• Aim of the task:
An unchanged copy of each entry below is needed; keep the pictures out of it.

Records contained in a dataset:
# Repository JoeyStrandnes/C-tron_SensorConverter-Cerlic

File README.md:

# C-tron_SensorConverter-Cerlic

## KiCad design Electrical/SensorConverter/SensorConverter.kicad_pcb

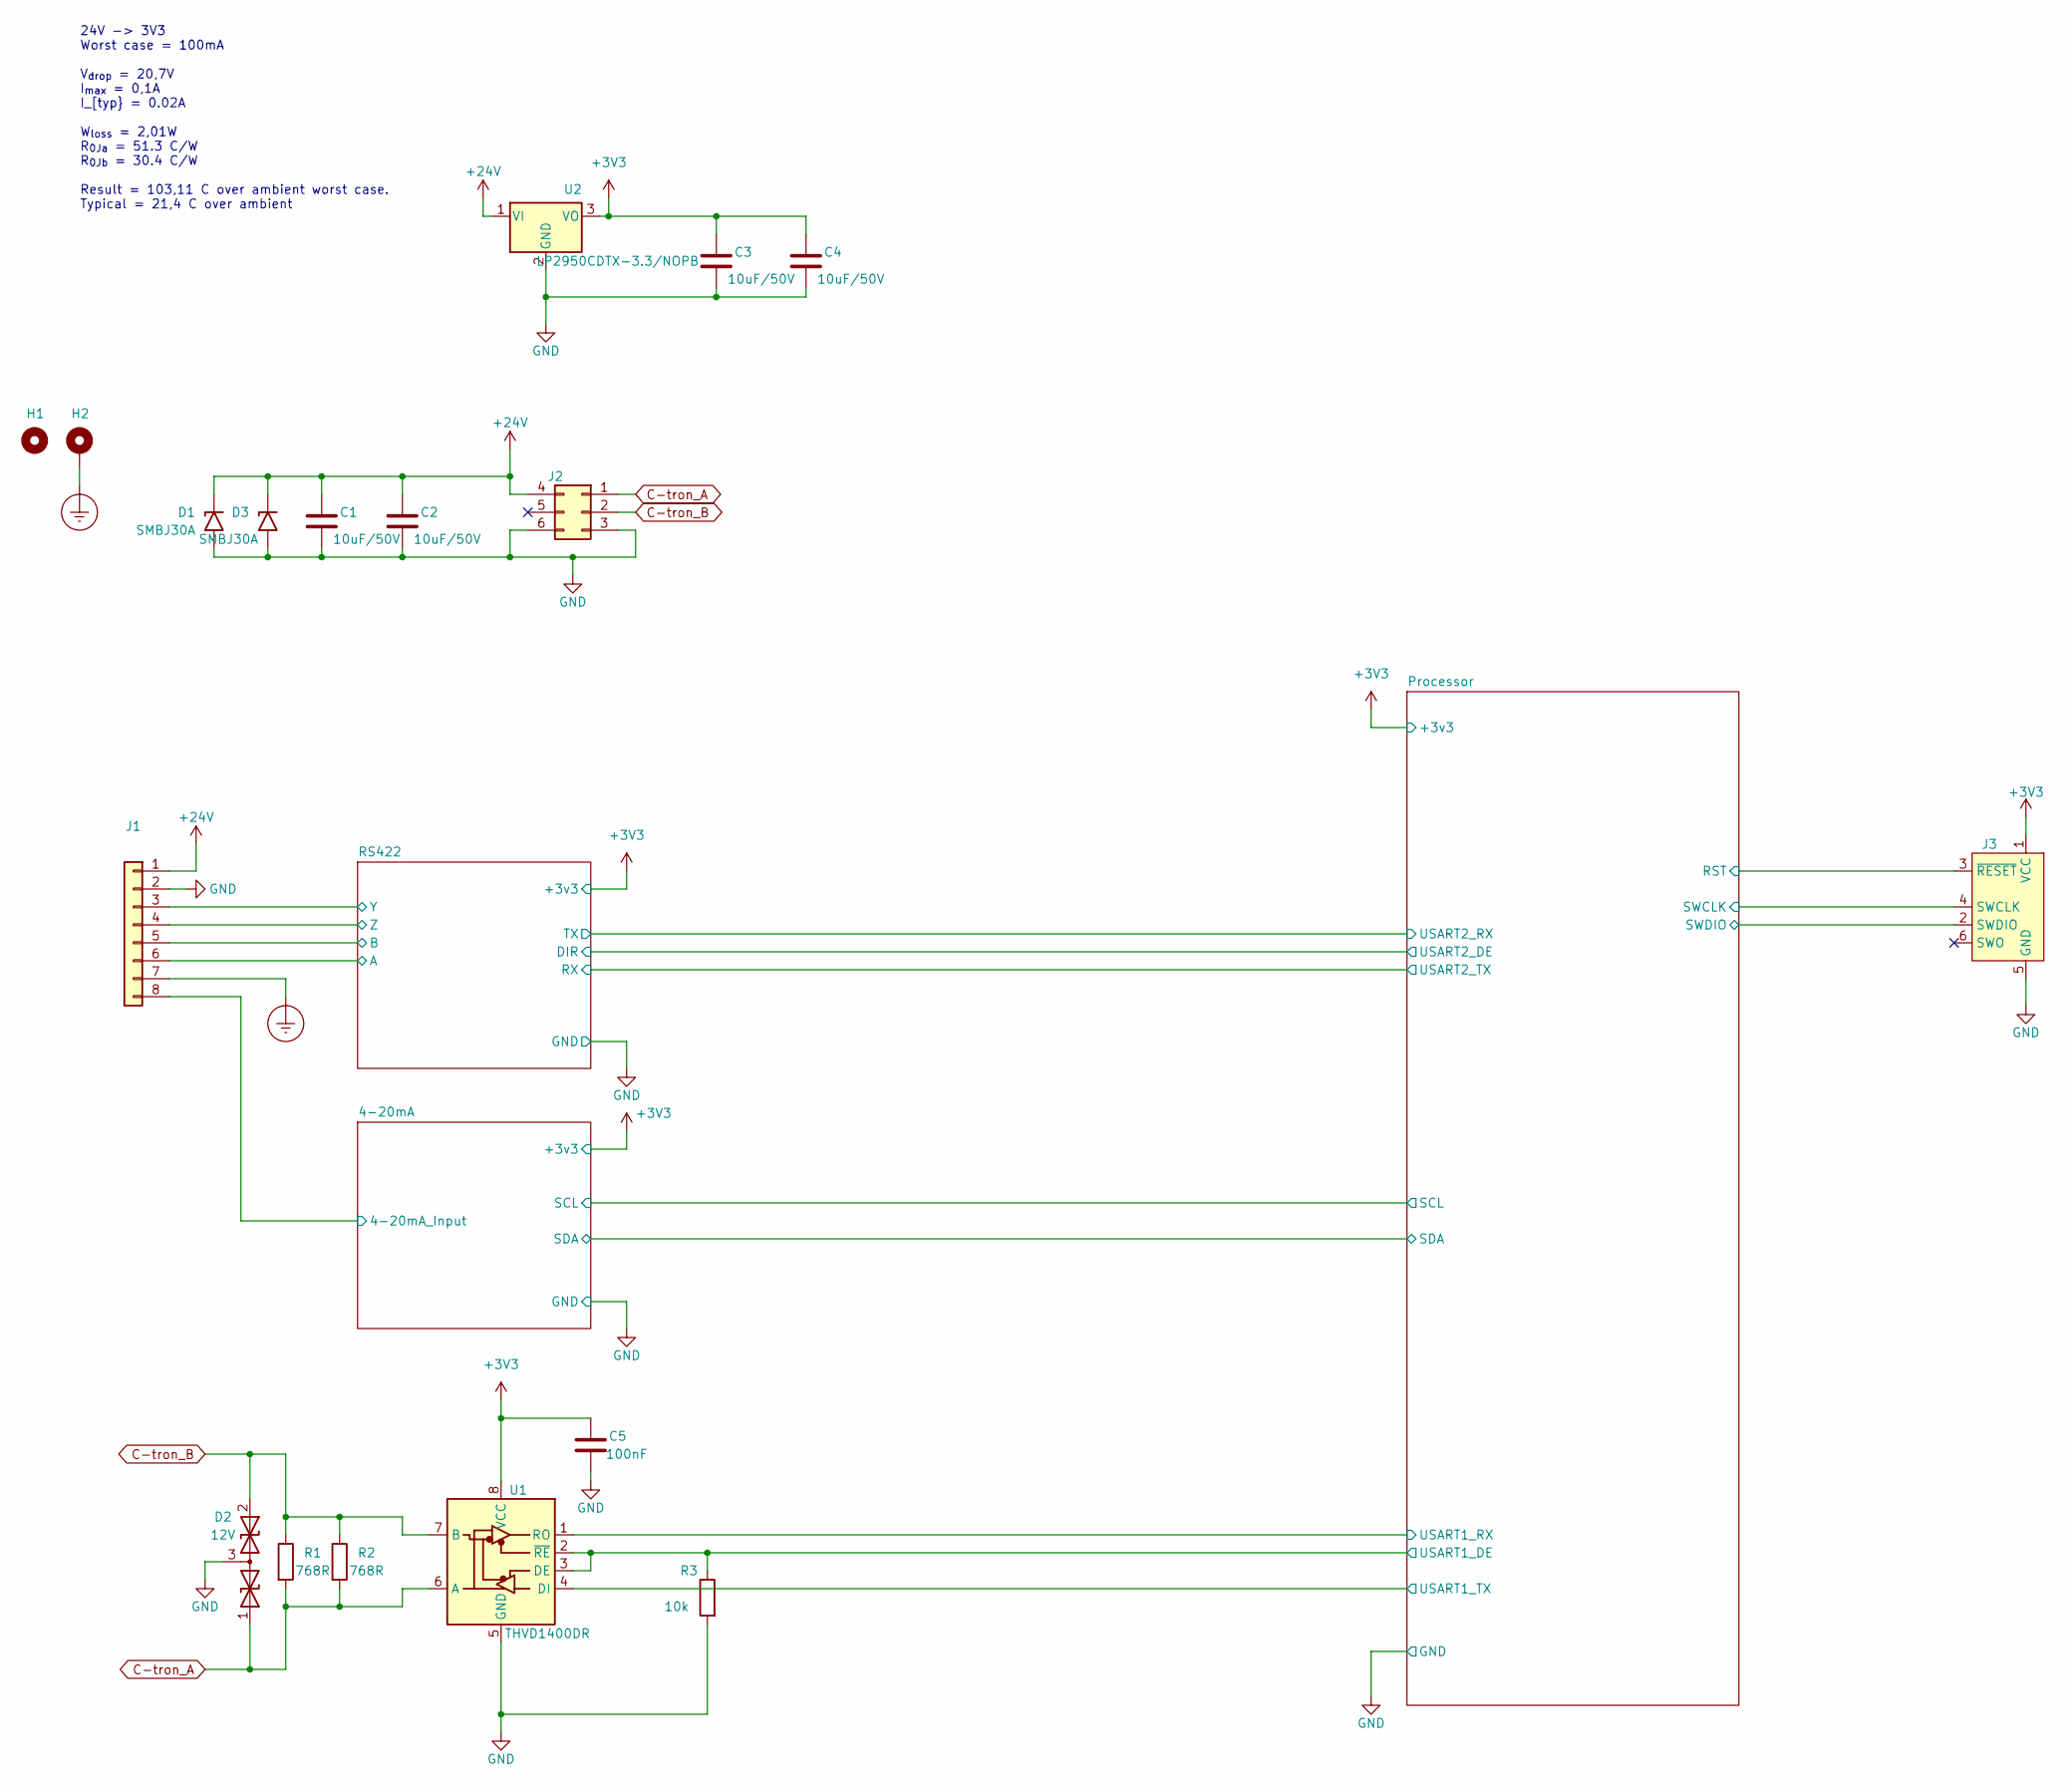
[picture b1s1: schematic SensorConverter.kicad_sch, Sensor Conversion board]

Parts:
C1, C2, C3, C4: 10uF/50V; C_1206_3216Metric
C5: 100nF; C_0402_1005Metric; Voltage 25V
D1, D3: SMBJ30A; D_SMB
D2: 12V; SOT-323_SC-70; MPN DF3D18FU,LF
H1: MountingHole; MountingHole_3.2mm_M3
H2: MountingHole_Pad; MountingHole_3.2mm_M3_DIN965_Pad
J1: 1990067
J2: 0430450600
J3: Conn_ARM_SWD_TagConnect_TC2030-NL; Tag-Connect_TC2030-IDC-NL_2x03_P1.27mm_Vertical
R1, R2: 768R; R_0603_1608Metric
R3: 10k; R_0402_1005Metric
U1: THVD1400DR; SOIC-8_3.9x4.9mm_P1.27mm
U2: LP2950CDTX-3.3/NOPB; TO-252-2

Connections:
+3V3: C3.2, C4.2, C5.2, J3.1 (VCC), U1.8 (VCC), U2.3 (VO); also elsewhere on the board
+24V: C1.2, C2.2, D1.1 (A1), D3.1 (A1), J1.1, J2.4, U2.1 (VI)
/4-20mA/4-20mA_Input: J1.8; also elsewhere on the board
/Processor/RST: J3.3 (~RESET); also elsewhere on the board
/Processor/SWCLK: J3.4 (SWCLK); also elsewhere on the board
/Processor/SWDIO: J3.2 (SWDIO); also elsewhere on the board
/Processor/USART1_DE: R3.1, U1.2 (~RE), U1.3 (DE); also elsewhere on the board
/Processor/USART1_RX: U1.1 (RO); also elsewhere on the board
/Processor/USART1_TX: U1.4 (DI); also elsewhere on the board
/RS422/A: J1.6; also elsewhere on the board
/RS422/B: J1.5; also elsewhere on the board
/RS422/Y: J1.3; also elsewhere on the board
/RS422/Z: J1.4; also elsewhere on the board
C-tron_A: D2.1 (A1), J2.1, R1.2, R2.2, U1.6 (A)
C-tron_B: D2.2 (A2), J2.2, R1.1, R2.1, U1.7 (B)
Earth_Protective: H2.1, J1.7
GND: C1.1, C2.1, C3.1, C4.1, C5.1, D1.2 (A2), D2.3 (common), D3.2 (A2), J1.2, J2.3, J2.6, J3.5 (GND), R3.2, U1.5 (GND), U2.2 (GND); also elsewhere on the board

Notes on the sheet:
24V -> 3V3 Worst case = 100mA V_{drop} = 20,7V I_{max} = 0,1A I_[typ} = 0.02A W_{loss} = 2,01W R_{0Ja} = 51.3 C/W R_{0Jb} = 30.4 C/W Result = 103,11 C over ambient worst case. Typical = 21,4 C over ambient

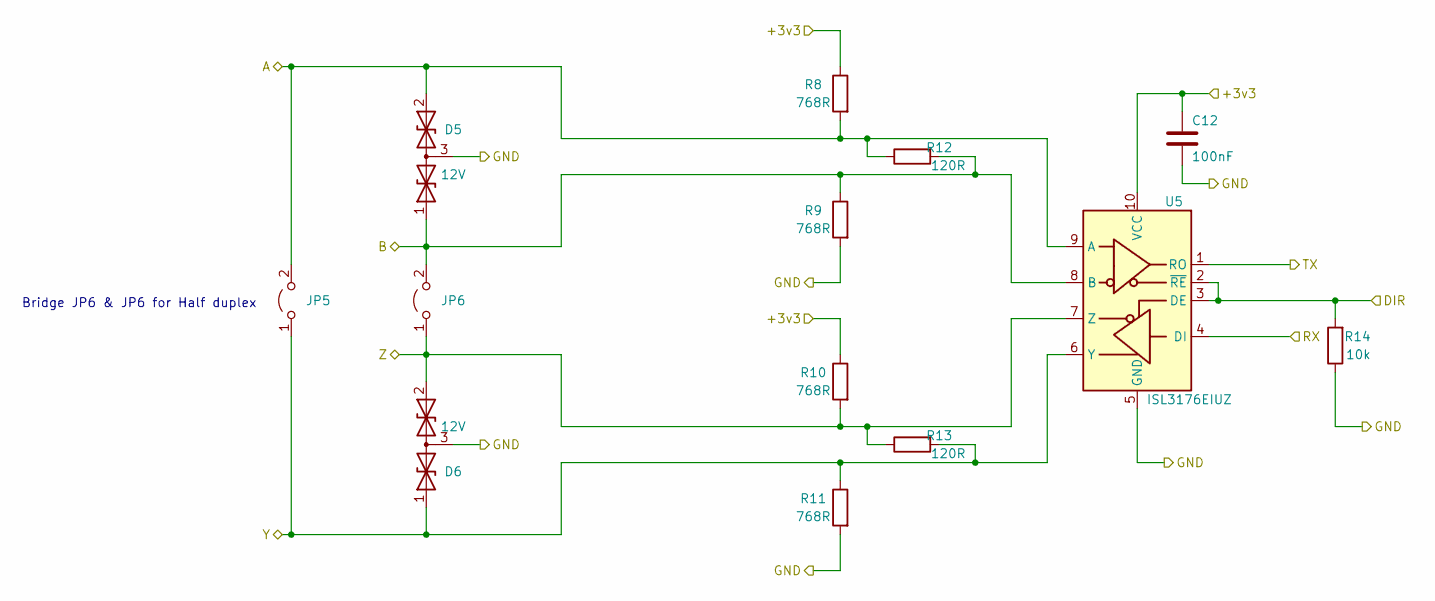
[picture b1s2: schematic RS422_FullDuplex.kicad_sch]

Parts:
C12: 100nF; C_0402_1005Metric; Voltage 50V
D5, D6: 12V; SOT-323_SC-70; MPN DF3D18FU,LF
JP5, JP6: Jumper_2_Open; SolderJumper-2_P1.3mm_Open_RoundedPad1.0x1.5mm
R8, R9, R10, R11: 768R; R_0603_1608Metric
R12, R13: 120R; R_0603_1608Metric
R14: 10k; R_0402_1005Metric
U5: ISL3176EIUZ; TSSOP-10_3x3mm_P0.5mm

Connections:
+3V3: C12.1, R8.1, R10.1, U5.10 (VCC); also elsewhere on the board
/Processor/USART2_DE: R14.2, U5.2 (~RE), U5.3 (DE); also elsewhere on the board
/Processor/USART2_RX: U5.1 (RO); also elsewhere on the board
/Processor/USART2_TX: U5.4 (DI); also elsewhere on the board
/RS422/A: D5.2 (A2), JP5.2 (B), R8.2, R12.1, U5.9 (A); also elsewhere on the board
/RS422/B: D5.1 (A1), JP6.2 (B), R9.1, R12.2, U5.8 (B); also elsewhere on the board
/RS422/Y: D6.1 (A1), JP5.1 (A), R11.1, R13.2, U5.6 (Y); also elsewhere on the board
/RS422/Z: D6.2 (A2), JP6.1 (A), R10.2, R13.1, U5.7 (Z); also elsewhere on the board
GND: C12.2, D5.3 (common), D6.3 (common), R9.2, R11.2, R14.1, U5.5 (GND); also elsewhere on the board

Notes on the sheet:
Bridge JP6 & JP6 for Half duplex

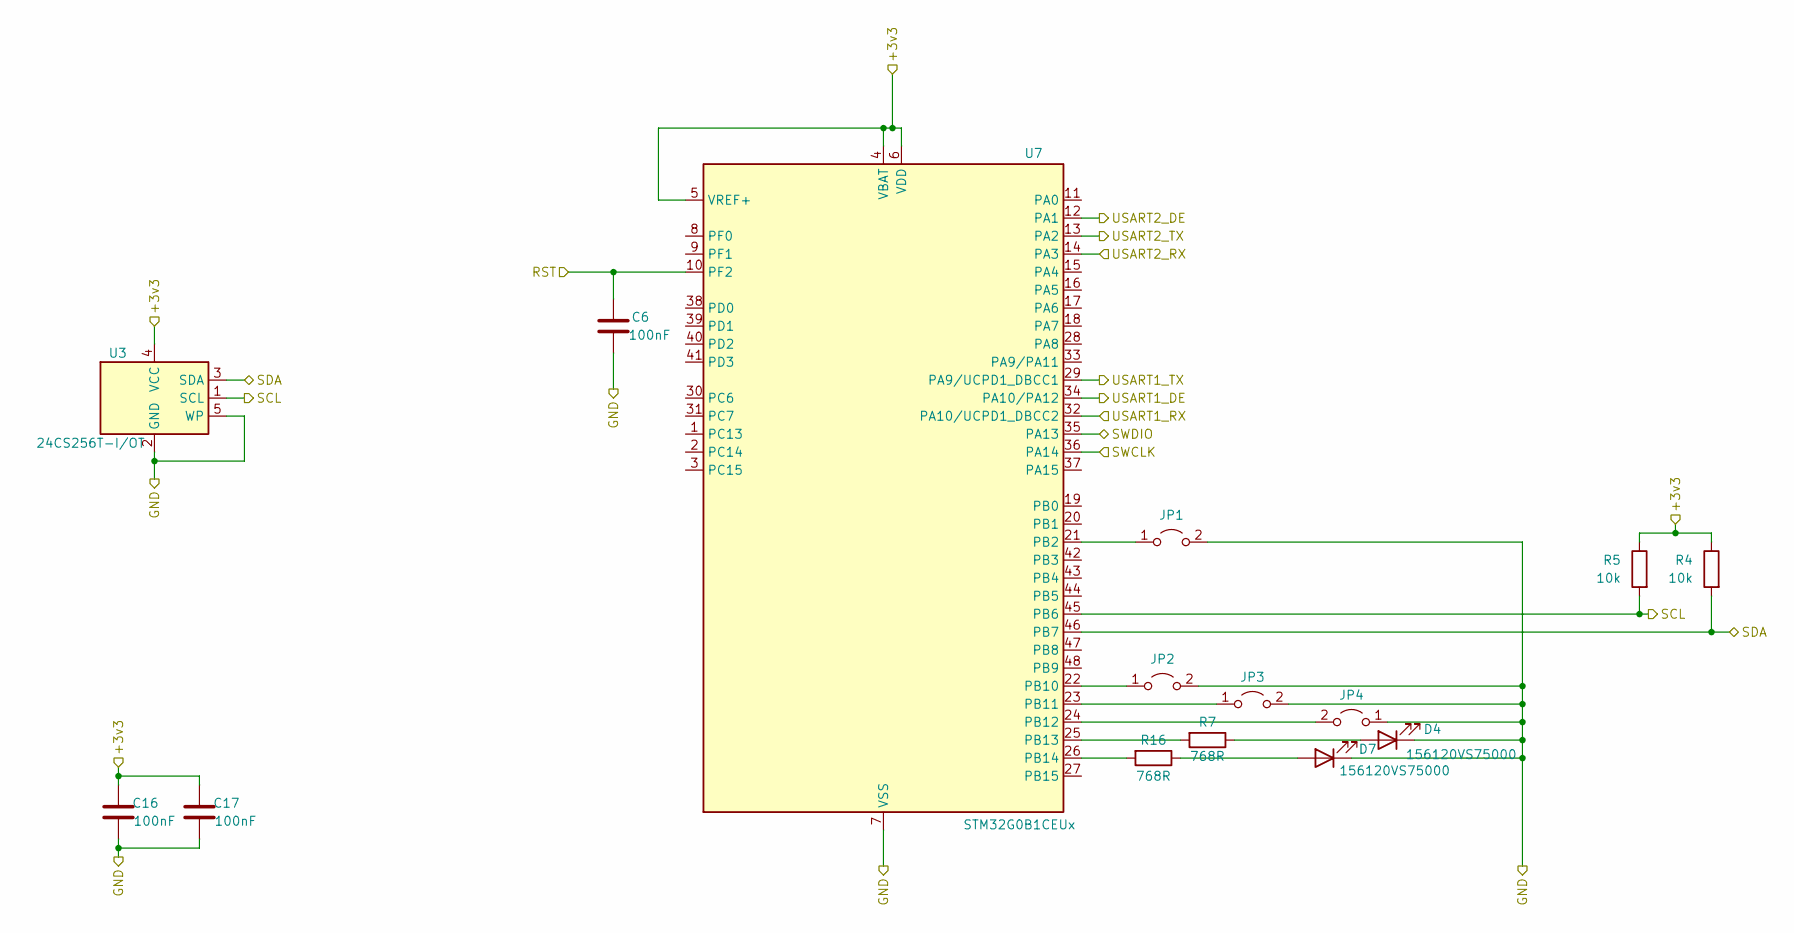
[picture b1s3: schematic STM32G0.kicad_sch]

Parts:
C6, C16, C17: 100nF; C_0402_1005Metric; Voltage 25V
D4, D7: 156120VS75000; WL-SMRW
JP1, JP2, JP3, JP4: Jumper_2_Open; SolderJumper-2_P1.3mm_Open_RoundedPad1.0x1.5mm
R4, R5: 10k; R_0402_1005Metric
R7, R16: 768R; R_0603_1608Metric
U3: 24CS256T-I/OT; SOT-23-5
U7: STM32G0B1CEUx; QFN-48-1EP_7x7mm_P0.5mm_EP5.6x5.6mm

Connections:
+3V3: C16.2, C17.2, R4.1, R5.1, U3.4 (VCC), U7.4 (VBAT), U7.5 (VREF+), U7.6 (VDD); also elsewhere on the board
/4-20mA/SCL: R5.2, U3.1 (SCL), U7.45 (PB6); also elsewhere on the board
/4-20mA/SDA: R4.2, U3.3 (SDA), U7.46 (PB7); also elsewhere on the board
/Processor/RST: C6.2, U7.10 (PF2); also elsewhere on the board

• Answer for the task:
# Repository JoeyStrandnes/C-tron_SensorConverter-Cerlic

File README.md:

# C-tron_SensorConverter-Cerlic

## KiCad design Electrical/SensorConverter/SensorConverter.kicad_pcb

[picture b1s1: schematic SensorConverter.kicad_sch, Sensor Conversion board]

Parts:
C1, C2, C3, C4: 10uF/50V; C_1206_3216Metric
C5: 100nF; C_0402_1005Metric; Voltage 25V
D1, D3: SMBJ30A; D_SMB
D2: 12V; SOT-323_SC-70; MPN DF3D18FU,LF
H1: MountingHole; MountingHole_3.2mm_M3
H2: MountingHole_Pad; MountingHole_3.2mm_M3_DIN965_Pad
J1: 1990067
J2: 0430450600
J3: Conn_ARM_SWD_TagConnect_TC2030-NL; Tag-Connect_TC2030-IDC-NL_2x03_P1.27mm_Vertical
R1, R2: 768R; R_0603_1608Metric
R3: 10k; R_0402_1005Metric
U1: THVD1400DR; SOIC-8_3.9x4.9mm_P1.27mm
U2: LP2950CDTX-3.3/NOPB; TO-252-2

Connections:
+3V3: C3.2, C4.2, C5.2, J3.1 (VCC), U1.8 (VCC), U2.3 (VO); also elsewhere on the board
+24V: C1.2, C2.2, D1.1 (A1), D3.1 (A1), J1.1, J2.4, U2.1 (VI)
/4-20mA/4-20mA_Input: J1.8; also elsewhere on the board
/Processor/RST: J3.3 (~RESET); also elsewhere on the board
/Processor/SWCLK: J3.4 (SWCLK); also elsewhere on the board
/Processor/SWDIO: J3.2 (SWDIO); also elsewhere on the board
/Processor/USART1_DE: R3.1, U1.2 (~RE), U1.3 (DE); also elsewhere on the board
/Processor/USART1_RX: U1.1 (RO); also elsewhere on the board
/Processor/USART1_TX: U1.4 (DI); also elsewhere on the board
/RS422/A: J1.6; also elsewhere on the board
/RS422/B: J1.5; also elsewhere on the board
/RS422/Y: J1.3; also elsewhere on the board
/RS422/Z: J1.4; also elsewhere on the board
C-tron_A: D2.1 (A1), J2.1, R1.2, R2.2, U1.6 (A)
C-tron_B: D2.2 (A2), J2.2, R1.1, R2.1, U1.7 (B)
Earth_Protective: H2.1, J1.7
GND: C1.1, C2.1, C3.1, C4.1, C5.1, D1.2 (A2), D2.3 (common), D3.2 (A2), J1.2, J2.3, J2.6, J3.5 (GND), R3.2, U1.5 (GND), U2.2 (GND); also elsewhere on the board

Notes on the sheet:
24V -> 3V3 Worst case = 100mA V_{drop} = 20,7V I_{max} = 0,1A I_[typ} = 0.02A W_{loss} = 2,01W R_{0Ja} = 51.3 C/W R_{0Jb} = 30.4 C/W Result = 103,11 C over ambient worst case. Typical = 21,4 C over ambient

[picture b1s2: schematic RS422_FullDuplex.kicad_sch]

Parts:
C12: 100nF; C_0402_1005Metric; Voltage 50V
D5, D6: 12V; SOT-323_SC-70; MPN DF3D18FU,LF
JP5, JP6: Jumper_2_Open; SolderJumper-2_P1.3mm_Open_RoundedPad1.0x1.5mm
R8, R9, R10, R11: 768R; R_0603_1608Metric
R12, R13: 120R; R_0603_1608Metric
R14: 10k; R_0402_1005Metric
U5: ISL3176EIUZ; TSSOP-10_3x3mm_P0.5mm

Connections:
+3V3: C12.1, R8.1, R10.1, U5.10 (VCC); also elsewhere on the board
/Processor/USART2_DE: R14.2, U5.2 (~RE), U5.3 (DE); also elsewhere on the board
/Processor/USART2_RX: U5.1 (RO); also elsewhere on the board
/Processor/USART2_TX: U5.4 (DI); also elsewhere on the board
/RS422/A: D5.2 (A2), JP5.2 (B), R8.2, R12.1, U5.9 (A); also elsewhere on the board
/RS422/B: D5.1 (A1), JP6.2 (B), R9.1, R12.2, U5.8 (B); also elsewhere on the board
/RS422/Y: D6.1 (A1), JP5.1 (A), R11.1, R13.2, U5.6 (Y); also elsewhere on the board
/RS422/Z: D6.2 (A2), JP6.1 (A), R10.2, R13.1, U5.7 (Z); also elsewhere on the board
GND: C12.2, D5.3 (common), D6.3 (common), R9.2, R11.2, R14.1, U5.5 (GND); also elsewhere on the board

Notes on the sheet:
Bridge JP6 & JP6 for Half duplex

[picture b1s3: schematic STM32G0.kicad_sch]

Parts:
C6, C16, C17: 100nF; C_0402_1005Metric; Voltage 25V
D4, D7: 156120VS75000; WL-SMRW
JP1, JP2, JP3, JP4: Jumper_2_Open; SolderJumper-2_P1.3mm_Open_RoundedPad1.0x1.5mm
R4, R5: 10k; R_0402_1005Metric
R7, R16: 768R; R_0603_1608Metric
U3: 24CS256T-I/OT; SOT-23-5
U7: STM32G0B1CEUx; QFN-48-1EP_7x7mm_P0.5mm_EP5.6x5.6mm

Connections:
+3V3: C16.2, C17.2, R4.1, R5.1, U3.4 (VCC), U7.4 (VBAT), U7.5 (VREF+), U7.6 (VDD); also elsewhere on the board
/4-20mA/SCL: R5.2, U3.1 (SCL), U7.45 (PB6); also elsewhere on the board
/4-20mA/SDA: R4.2, U3.3 (SDA), U7.46 (PB7); also elsewhere on the board
/Processor/RST: C6.2, U7.10 (PF2); also elsewhere on the board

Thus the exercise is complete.